Mount points in AFS are directory objects where a unit called a volume is mounted. Volumes are stored on partitions which are in turn stored on AFS file servers. A partition is exactly as the name suggests, a logical chunk of some physical disk on the server. Volumes usually correspond to some logical grouping of files. A users home directory would for example be contained inside a volume which is specially created for that user and then mounted at some mount point under /afs/cellname/.

There is a specific difference between the way AFS and NFS mounting works. AFS volumes are mounted on a point in the AFS namespace at the server, which means that all afs clients' AFS paths are identical. User1 and User2 will never access the same file via different paths, due to the points at which their clients have mounted volumes (like NFS). AFS clients never mount anything, they just access files. Hence, AFS is said to have a Global Namespace.

Management

One of the design requirements for AFS was that it should reduce administration burden by allowing central management of distributed services. AFS provides a number of commands that allow the administrator to manipulate servers, volumes, mount points, and ACL's on files from any workstation or server on which the admin has logged on, and obtained the afs admin ticket/token.

Not only can any volume, mounted at any point in the AFS namespace be stored on any AFS file server in the cell, but these volumes can be moved, even while they are in use, between servers, and the user is unlikely to notice anything. Now administrators can perform maintenance on a production file server without causing downtime for users, by moving the volumes to temporary storage on another afs server.

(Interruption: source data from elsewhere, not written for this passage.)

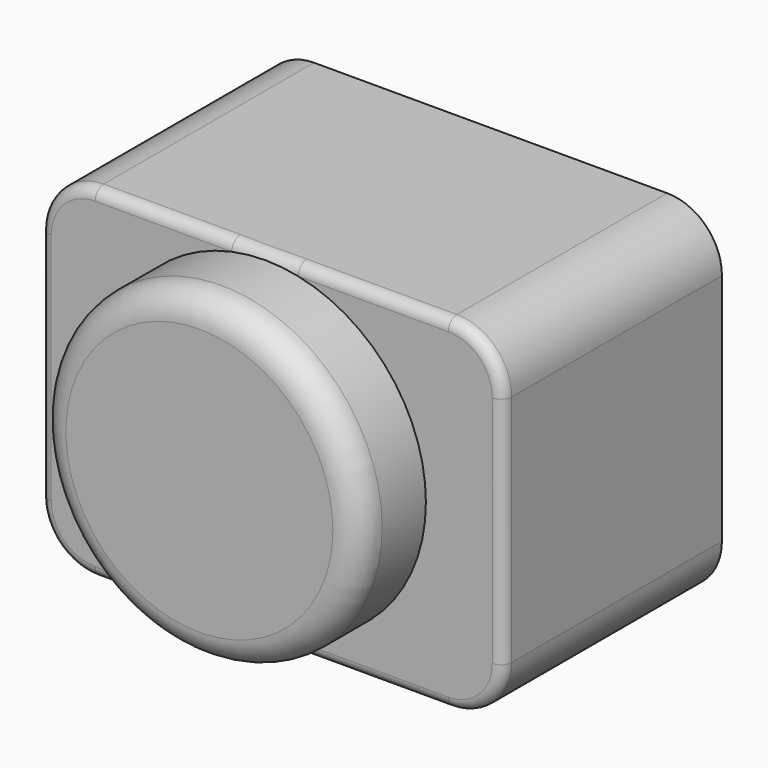
from build123d import *

# Parameters (mm, degrees)
F0_W     = 42.9490916431
F0_H     = 31.8654570729
F1_DEPTH = 25.4
F2_R     = 5.08
F3_T     = -2.54
F4_R     = 14.9347335013
F5_DEPTH = 7.62
F6_R     = 2.54
F7_T     = 2.54
F8_R     = 1


# Not quite as in the source:
# - a shell that OpenCascade refuses in one call is made with other operations: the cavity is built on its own and cut out


with BuildPart() as f1:
    # F0 (on Front) → F1 (new body)
    with BuildSketch(Plane.XZ):
        with Locations((-42.025456205, 33.8281830773)):
            Rectangle(F0_W, F0_H)
    extrude(amount=F1_DEPTH)

    # F2
    f2_edges = [f1.edges().sort_by_distance(p)[0] for p in [
        (-63.500002, -12.7, 49.760912),
        (-20.55091, -12.7, 49.760912),
        (-20.55091, -12.7, 17.895455),
        (-63.500002, -12.7, 17.895455),
    ]]
    fillet(f2_edges, radius=F2_R)

    # F3
    f3_openings = [f1.faces().sort_by_distance(p)[0] for p in [
        (-42.025456, 0, 33.828183),
    ]]
    offset(amount=F3_T, openings=f3_openings)

    # F4 (on face) → F5 (join)
    with BuildSketch(Plane.XZ.offset(25.4)):
        with Locations((-42.6500104368, 34.1481156647)):
            Circle(F4_R)
    extrude(amount=F5_DEPTH)

    # F6
    f6_edges = [f1.edges().sort_by_distance(p)[0] for p in [
        (-57.584744, -33.02, 34.148116),
    ]]
    fillet(f6_edges, radius=F6_R)

    # F7: shell of thickness 2.54, made by hand


with BuildPart() as f7_core1:
    # F7_t2: copy of F1
    add(f1.part)

    # the walls: a layer under each face that stays
    f7_faces = [f7_core1.faces().sort_by_distance(p)[0] for p in [
        (-57.5847439381, -27.94, 34.1481156647),
        (-56.341820086, -25.4, 23.206364053),
        (-42.6500104368, -33.02, 34.1481156647),
        (-42.025456205, -12.7, 49.7609116137),
        (-22.038807935, -12.7, 48.2730140621),
        (-62.012104475, -12.7, 48.2730140621),
        (-20.5509103835, -12.7, 33.8281830773),
        (-63.5000020266, -12.7, 33.8281830773),
        (-22.038807935, -12.7, 19.3833520924),
        (-62.012104475, -12.7, 19.3833520924),
        (-42.025456205, -12.7, 17.8954545408),
        (-60.4322097663, 0, 20.1715586175),
        (-42.025456205, -11.43, 47.2209116137),
        (-23.8348591592, -11.43, 46.4769628379),
        (-23.0909103835, -11.43, 33.8281830773),
        (-23.8348591592, -11.43, 21.1794033166),
        (-42.025456205, -11.43, 20.4354545408),
        (-60.2160532508, -11.43, 21.1794033166),
        (-60.9600020266, -11.43, 33.8281830773),
        (-60.2160532508, -11.43, 46.4769628379),
    ]]
    thicken(f7_faces, amount=-F7_T, mode=Mode.SUBTRACT)

    # F7_s3 → F7_t4 (revolve, cut)
    with BuildSketch(Plane.XY.offset(34.1481156647)):
        Polygon((-27.6898769355, -25.4254), (-30.2552769355, -25.4), (-30.2552769355, -22.86), (-27.7152769355, -22.86), align=None)
    revolve(axis=Axis((-42.6500104368, -25.4, 34.1481156647), (0, -1, 0)), mode=Mode.SUBTRACT)


with BuildPart() as f1_1:
    add(f1.part)

    # what is left inside the walls is the cavity
    f7_cavity = [f7_core1.part.solids().sort_by_distance(p)[0] for p in [
        (-55.019344, -27.94, 34.148116),
    ]]
    add(f7_cavity, mode=Mode.SUBTRACT)

    # F8
    f8_edges = [f1_1.edges().sort_by_distance(p)[0] for p in [
        (-42.025456, -25.4, 49.760912),
        (-22.038808, -25.4, 48.273014),
        (-62.012104, -25.4, 48.273014),
        (-20.55091, -25.4, 33.828183),
        (-63.500002, -25.4, 33.828183),
        (-22.038808, -25.4, 19.383352),
        (-62.012104, -25.4, 19.383352),
        (-42.025456, -25.4, 17.895455),
    ]]
    fillet(f8_edges, radius=F8_R)


solid = f1_1.part

AFS users also have the ability to adjust ACL permissions, create their own user groups, etc, without help from the super user.

Replication

AFS volumes can be replicated. This feature is meant (usually) to provide local copies of often-used read-only volumes for users at remote sites. Replicas can also be used to provide redundancy. The AFS client tries to make an intelligent decision when choosing which version of a volume to access files from. It's however biased toward read-only volumes.